The ThinkPad P1 Gen 7 is the only model in the P1 lineup equipped with Micron LPCAMM2 memory with a maximum capacity of 64GB. Although SO-DIMM can provide greater capacity, with LPCAMM2, the ThinkPad laptop gains the advantage of LPDDR5X, which operates at a speed of 7467 MT/s. The CAMM2 standard officially supports up to 128GB, so the maximum memory capacity of laptops may change in the future.

The ThinkPad P1 Gen 7 features a 16" OLED display with a 16:10 aspect ratio and an Intel Core Ultra 9 185H (Meteor Lake) processor. It comes with an NVIDIA graphics card up to RTX 3000 Ada or with integrated Intel graphics.
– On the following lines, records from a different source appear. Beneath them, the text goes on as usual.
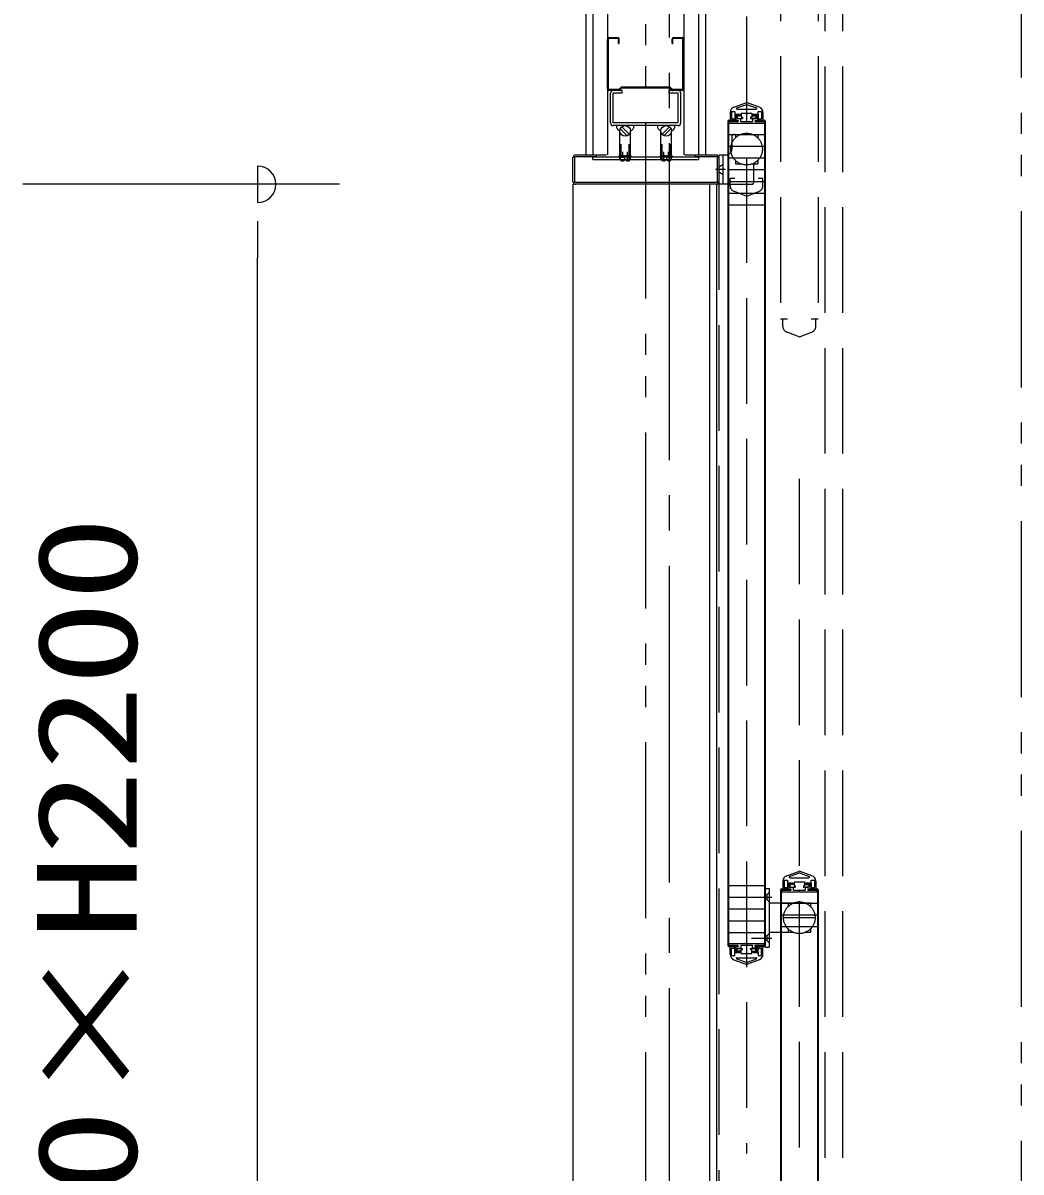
# Model space of a CAD drawing. Units: millimetres at full size. Extents: x -12803 to 120774, y -9413 to 101127.
# Drawn here: x 84424 to 85274, y 16210 to 17189 of the extents above; entities that cross this region are included whole.
import ezdxf
from ezdxf.enums import TextEntityAlignment as Align

# ---------------------------------------------------------------- set-up
doc = ezdxf.new("R2010")
doc.units = ezdxf.units.MM
doc.header["$LTSCALE"] = 30
for name, pattern in [('CHAIN2', [12, 9, -1, 1, -1]), ('DASHED3', [4, 3, -1]), ('DOUBLE_CHAIN1', [8.8, 5, -1, 0.6, -0.6, 0.6, -1])]:
    doc.linetypes.add(name, pattern=pattern)
doc.layers.add('0-0_NoName', color=7, linetype='Continuous')
for name, color, linetype, lineweight in [('1-3_AIHO15-壁開口寸法・コメント', 7, 'Continuous', 15), ('2-0_通芯', 7, 'DOUBLE_CHAIN1', 15), ('2-2_間仕切り芯', 7, 'DOUBLE_CHAIN1', 15), ('2-3_間仕切り', 7, 'Continuous', 15), ('2-A_建具', 7, 'Continuous', 15), ('3-2_AIHO08-壁芯', 7, 'CHAIN2', 15)]:
    doc.layers.add(name, color=color, linetype=linetype, lineweight=lineweight)
doc.styles.add('ＭＳ ゴシック', font='')
doc.styles.get('ＭＳ ゴシック').set_extended_font_data('MS Gothic')

# ---------------------------------------------------------------- blocks, each defined once
blk = doc.blocks.new('グループ部品-726')
at = {"layer": '1-3_AIHO15-壁開口寸法・コメント'}
for p, q in [((84623.51, 15652.66), (84623.51, 15683.91)), ((84623.51, 15605.79), (84623.51, 15637.04))]:
    blk.add_line(p, q, dxfattribs=at)
blk.add_arc((84623.51, 15621.41), 15.62, 90, 270, dxfattribs=at)
blk = doc.blocks.new('グループ部品-727')
at = {"layer": '1-3_AIHO15-壁開口寸法・コメント'}
for p, q in [((84623.51, 17067.04), (84623.51, 17035.79)), ((84623.51, 17020.16), (84623.51, 16988.91))]:
    blk.add_line(p, q, dxfattribs=at)
blk.add_arc((84623.51, 17051.41), 15.62, 270, 90, dxfattribs=at)
blk = doc.blocks.new('グループ部品-728')
at = {"layer": '1-3_AIHO15-壁開口寸法・コメント'}
for p, q in [((84693.36, 17051.41), (84423.51, 17051.41)), ((84623.51, 15683.91), (84623.51, 16988.91)), ((84693.36, 15621.41), (84423.51, 15621.41))]:
    blk.add_line(p, q, dxfattribs=at)
for name in ['グループ部品-727', 'グループ部品-726']:
    blk.add_blockref(name, (0, 0), dxfattribs=at)
at = {"layer": '1-3_AIHO15-壁開口寸法・コメント', "style": 'ＭＳ ゴシック', "width": 1.25}
blk.add_text('W1430×H2200', height=84.92, rotation=90, dxfattribs=at).set_placement((84545.88, 15902.05), align=Align.BOTTOM_LEFT)
blk = doc.blocks.new('グループ部品-732')
at = {"layer": '2-2_間仕切り芯'}
blk.add_line((84954.36, 20799.98), (84954.36, 8296.99), dxfattribs=at)
at = {"layer": '2-3_間仕切り'}
for p, q in [((84921.86, 19673.91), (84921.86, 17076.41)), ((84986.86, 19289.91), (84986.86, 17076.41)), ((84999.36, 17776.41), (84999.36, 17076.41)), ((85005.36, 17776.41), (85005.36, 17076.41)), ((84909.36, 17763.91), (84909.36, 17076.41)), ((84903.36, 17751.41), (84903.36, 17076.41))]:
    blk.add_line(p, q, dxfattribs=at)
at = {"layer": '2-A_建具', "linetype": 'DASHED3'}
for p, q in [((85107.36, 15621.91), (85107.36, 17766.41)), ((85122.36, 15621.91), (85122.36, 17766.41)), ((85069.36, 17760.51), (85069.36, 16936.41)), ((85101.36, 17760.51), (85101.36, 16936.41)), ((85040.36, 17314.41), (85040.36, 16225.57)), ((85027.86, 17091.91), (85027.86, 17081.41)), ((85029.86, 17093.91), (85035.26, 17093.91)), ((85030.86, 17093.91), (85030.86, 17091)), ((85045.46, 17093.91), (85049.86, 17093.91)), ((85049.86, 17093.91), (85049.86, 17091)), ((84909.36, 17074.81), (84999.36, 17074.81)), ((84909.36, 17072.51), (84999.36, 17072.51)), ((85020.06, 17067.91), (85016.86, 17066.01)), ((85030.86, 17071.82), (85030.86, 17068.91)), ((85030.86, 17068.91), (85035.26, 17068.91)), ((85045.46, 17068.91), (85049.86, 17068.91)), ((85046.66, 17053.41), (85046.66, 17068.91)), ((85049.86, 17071.82), (85049.86, 17068.91)), ((85022.4, 17063.91), (85013.95, 17063.91)), ((85020.06, 17059.66), (85016.86, 17061.81)), ((85016.86, 17051.41), (85016.86, 15621.41)), ((85026.36, 17050.19), (85026.36, 17056.41)), ((85030.36, 17056.41), (85026.36, 17056.41)), ((85054.36, 17056.41), (85050.36, 17056.41)), ((85054.36, 17050.19), (85054.36, 17056.41)), ((85040.08, 17041.41), (85030, 17045.38)), ((85040.08, 17041.41), (85040.63, 17041.41)), ((85040.63, 17041.41), (85050.71, 17045.38)), ((85075.36, 16936.41), (85069.36, 16936.41)), ((85071.36, 16930.19), (85071.36, 16936.41)), ((85101.36, 16936.41), (85095.36, 16936.41)), ((85099.36, 16930.19), (85099.36, 16936.41)), ((85085.08, 16921.41), (85075, 16925.38)), ((85085.08, 16921.41), (85085.63, 16921.41)), ((85085.63, 16921.41), (85095.71, 16925.38)), ((85085.36, 16800.56), (85085.36, 15571.41)), ((85057.56, 16445.91), (85056.36, 16445.91)), ((85057.56, 16441.91), (85056.36, 16441.91)), ((85059.56, 16447.91), (85057.56, 16445.91)), ((85057.56, 16445.91), (85057.56, 16441.91)), ((85059.56, 16439.91), (85057.56, 16441.91)), ((85075.86, 16438.91), (85075.86, 16436)), ((85094.86, 16438.91), (85090.46, 16438.91)), ((85091.66, 16438.91), (85091.66, 16438.35)), ((85094.86, 16438.91), (85094.86, 16436)), ((85098.86, 16426.41), (85071.86, 16426.41)), ((85059.56, 16412.91), (85057.56, 16410.91)), ((85080.26, 16413.91), (85069.36, 16413.91)), ((85075.86, 16416.82), (85075.86, 16413.91)), ((85094.86, 16413.91), (85090.46, 16413.91)), ((85091.66, 16414.47), (85091.66, 16413.91)), ((85094.86, 16416.82), (85094.86, 16413.91)), ((85057.56, 16410.91), (85056.36, 16410.91)), ((85059.56, 16404.91), (85057.56, 16406.91))]:
    blk.add_line(p, q, dxfattribs=at)
at = {"layer": '2-A_建具'}
for p, q in [((84921.86, 17132.61), (84921.86, 17175.21)), ((84922.66, 17132.21), (84922.66, 17175.61)), ((84931.06, 17175.61), (84922.66, 17175.61)), ((84923.06, 17176.41), (84930.66, 17176.41)), ((84931.06, 17171.41), (84931.06, 17175.61)), ((84931.86, 17171.41), (84931.86, 17175.21)), ((84976.86, 17171.41), (84976.86, 17175.21)), ((84986.06, 17175.61), (84977.66, 17175.61)), ((84977.66, 17171.41), (84977.66, 17175.61)), ((84978.06, 17176.41), (84985.66, 17176.41)), ((84986.06, 17132.21), (84986.06, 17175.61)), ((84986.86, 17132.61), (84986.86, 17175.21)), ((84931.06, 17171.41), (84931.86, 17171.41)), ((84976.86, 17171.41), (84977.66, 17171.41)), ((84931.52, 17132.21), (84922.66, 17132.21)), ((84934.36, 17131.41), (84923.06, 17131.41)), ((84924.36, 17103.81), (84924.36, 17129.01)), ((84926.66, 17103.71), (84926.66, 17129.11)), ((84934.36, 17129.11), (84926.66, 17129.11)), ((84931.52, 17132.21), (84933.52, 17134.21)), ((84932.21, 17131.76), (84933.86, 17133.41)), ((84975.19, 17134.21), (84933.52, 17134.21)), ((84974.86, 17133.41), (84933.86, 17133.41)), ((84934.36, 17129.11), (84934.36, 17131.41)), ((84974.36, 17129.11), (84974.36, 17131.41)), ((84985.66, 17131.41), (84974.36, 17131.41)), ((84982.06, 17129.11), (84974.36, 17129.11)), ((84974.86, 17133.41), (84976.5, 17131.76)), ((84975.19, 17134.21), (84977.19, 17132.21)), ((84986.06, 17132.21), (84977.19, 17132.21)), ((84982.06, 17103.71), (84982.06, 17129.11)), ((84984.36, 17103.81), (84984.36, 17129.01)), ((85029.64, 17117.21), (85039.67, 17120.89)), ((85032, 17116.48), (85039.67, 17119.29)), ((85051.08, 17117.21), (85041.04, 17120.89)), ((85041.04, 17119.29), (85048.72, 17116.48)), ((85026.36, 17112.52), (85026.36, 17106.31)), ((85027.56, 17113.51), (85027.56, 17107.21)), ((85027.56, 17113.51), (85030.36, 17113.51)), ((85027.56, 17107.21), (85030.36, 17107.21)), ((85030.36, 17113.51), (85030.36, 17111.01)), ((85034.86, 17111.01), (85030.36, 17111.01)), ((85030.36, 17110.91), (85030.36, 17107.24)), ((85030.36, 17110.91), (85034.36, 17110.91)), ((85030.36, 17107.21), (85030.36, 17106.01)), ((85031.36, 17109.91), (85034.36, 17109.91)), ((85031.36, 17109.91), (85031.36, 17107.41)), ((85031.36, 17107.41), (85035.36, 17107.41)), ((85032.17, 17115.51), (85048.54, 17115.51)), ((85032.36, 17109.31), (85032.36, 17108.01)), ((85034.86, 17109.81), (85032.86, 17109.81)), ((85032.86, 17107.51), (85036.86, 17107.51)), ((85034.36, 17110.91), (85034.36, 17109.91)), ((85034.86, 17111.01), (85034.86, 17109.81)), ((85035.36, 17104.91), (85035.36, 17107.41)), ((85035.86, 17112.01), (85035.86, 17108.51)), ((85035.86, 17112.01), (85044.86, 17112.01)), ((85035.86, 17108.51), (85036.86, 17108.51)), ((85036.86, 17108.51), (85036.86, 17107.51)), ((85043.86, 17108.51), (85043.86, 17107.51)), ((85044.86, 17108.51), (85043.86, 17108.51)), ((85043.86, 17107.51), (85047.86, 17107.51)), ((85044.86, 17112.01), (85044.86, 17108.51)), ((85045.36, 17107.41), (85045.36, 17104.91)), ((85049.36, 17107.41), (85045.36, 17107.41)), ((85045.86, 17111.01), (85045.86, 17109.81)), ((85050.36, 17111.01), (85045.86, 17111.01)), ((85045.86, 17109.81), (85047.86, 17109.81)), ((85046.36, 17110.91), (85050.36, 17110.91)), ((85048.36, 17109.31), (85048.36, 17108.01)), ((85049.36, 17109.91), (85049.36, 17107.41)), ((85050.36, 17111.01), (85050.36, 17113.51)), ((85050.36, 17113.51), (85053.16, 17113.51)), ((85050.36, 17110.91), (85050.36, 17107.24)), ((85050.36, 17107.21), (85053.16, 17107.21)), ((85050.36, 17107.21), (85050.36, 17106.01)), ((85053.16, 17113.51), (85053.16, 17107.21)), ((85054.36, 17112.52), (85054.36, 17106.31)), ((84982.06, 17103.71), (84926.66, 17103.71)), ((84981.96, 17101.41), (84926.76, 17101.41)), ((84932.36, 17072.91), (84932.36, 17096.91)), ((84932.76, 17098.78), (84938.72, 17092.81)), ((84933.99, 17100.38), (84940.32, 17094.04)), ((84941.36, 17072.91), (84941.36, 17096.91)), ((84967.36, 17072.91), (84967.36, 17096.91)), ((84974.72, 17100.38), (84968.39, 17094.04)), ((84975.95, 17098.78), (84969.99, 17092.81)), ((84976.36, 17072.91), (84976.36, 17096.91)), ((85024.36, 17105.11), (85024.36, 16402.71)), ((85024.96, 17105.41), (85031.86, 17105.41)), ((85024.96, 17105.41), (85024.96, 16402.41)), ((85025.11, 17104.41), (85025.11, 17103.91)), ((85025.26, 17106.01), (85031.86, 17106.01)), ((85025.61, 17104.91), (85033.11, 17104.91)), ((85025.61, 17103.41), (85040.06, 17103.41)), ((85031.18, 17106.26), (85033.11, 17105.91)), ((85031.86, 17106.01), (85031.86, 17105.41)), ((85033.11, 17105.91), (85033.11, 17104.91)), ((85035.36, 17104.91), (85045.36, 17104.91)), ((85040.36, 17103.71), (85040.06, 17103.41)), ((85040.66, 17103.41), (85040.36, 17103.71)), ((85040.66, 17103.41), (85055.11, 17103.41)), ((85047.61, 17105.91), (85049.54, 17106.26)), ((85047.61, 17105.91), (85047.61, 17104.91)), ((85047.61, 17104.91), (85055.11, 17104.91)), ((85048.86, 17106.01), (85055.46, 17106.01)), ((85055.61, 17104.41), (85055.61, 17103.91)), ((85055.76, 17105.41), (85055.76, 16402.41)), ((85056.36, 17105.11), (85056.36, 16402.71)), ((85024.96, 17093.91), (85055.76, 17093.91)), ((84933.36, 17074.07), (84933.36, 17085.61)), ((84934.86, 17074.4), (84934.86, 17079.17)), ((84938.86, 17071.42), (84938.86, 17079.17)), ((84940.36, 17071.76), (84940.36, 17085.61)), ((84968.36, 17071.76), (84968.36, 17085.61)), ((84969.86, 17071.42), (84969.86, 17079.17)), ((84973.86, 17074.4), (84973.86, 17079.17)), ((84975.36, 17074.07), (84975.36, 17085.61)), ((85024.96, 17083.91), (85055.76, 17083.91)), ((84892.36, 17053.81), (84892.36, 17074.01)), ((84912.36, 17074.81), (84893.96, 17074.81)), ((84893.96, 17053.01), (84893.96, 17074.81)), ((84894.76, 17076.41), (84920.86, 17076.41)), ((84909.36, 17072.51), (84909.36, 17074.81)), ((84912.36, 17074.81), (84912.36, 17076.41)), ((84987.86, 17076.41), (85014.46, 17076.41)), ((84996.36, 17076.41), (84996.36, 17074.81)), ((85015.26, 17074.81), (84996.36, 17074.81)), ((84999.36, 17074.81), (84999.36, 17072.51)), ((85015.26, 17074.81), (85015.26, 17053.01)), ((85016.86, 17076.21), (85016.86, 17051.41)), ((85016.86, 17074.01), (85016.86, 17053.81)), ((85017.06, 17076.41), (85022.86, 17076.41)), ((85020.06, 17076.41), (85020.06, 17051.41)), ((85024.96, 17073.91), (85055.76, 17073.91)), ((85024.96, 17063.91), (85055.76, 17063.91)), ((84892.36, 17051.41), (84892.36, 15619.01)), ((85015.26, 17053.01), (84893.96, 17053.01)), ((85014.46, 17051.41), (84894.76, 17051.41)), ((85024.36, 17051.41), (84958.36, 17051.41)), ((85008.86, 17051.41), (85008.86, 15621.41)), ((85014.86, 17051.41), (85014.86, 15621.41)), ((85024.36, 17051.41), (85044.66, 17051.41)), ((85024.36, 17049.81), (85024.36, 17000.41)), ((85024.96, 17053.91), (85055.76, 17053.91)), ((85056.36, 17049.81), (85056.36, 17000.41)), ((85024.96, 17043.91), (85055.76, 17043.91)), ((85024.96, 17033.91), (85055.76, 17033.91)), ((85074.64, 16462.21), (85084.67, 16465.89)), ((85077, 16461.48), (85084.67, 16464.29)), ((85077.17, 16460.51), (85093.54, 16460.51)), ((85096.08, 16462.21), (85086.04, 16465.89)), ((85086.04, 16464.29), (85093.72, 16461.48)), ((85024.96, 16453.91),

The Micron LPCAMM2 format memory differs significantly from traditional SO-DIMM memory. It allows memory modules to take up much less space in the laptop's chassis and enables the use of interchangeable LPDDR5X for better speed and lower power consumption.

Memory with a speed of 7500 MT/s provides 1.3 times greater bandwidth than standard JEDEC DDR5 SO-DIMM. One module uses the full 128-bit memory controller bus, meaning one LPCAMM2 functions as a dual-channel solution. This means that only one module is needed for maximum memory performance.

The new memory format originates from the CAMM standard invented by Dell. JEDEC later made the standard universal under the name CAMM2. Since then, Samsung and Micron have created their own CAMM2 modules under different names, such as LPCAMM2 (non-"regular" CAMM2 solutions do not use LPDDR5X memory).

Higher bandwidth and other features make LPCAMM2 a promising successor to SO-DIMM and LPDDR solutions that have dominated portable devices for decades. It is no wonder that it has attracted the attention of a major laptop manufacturer.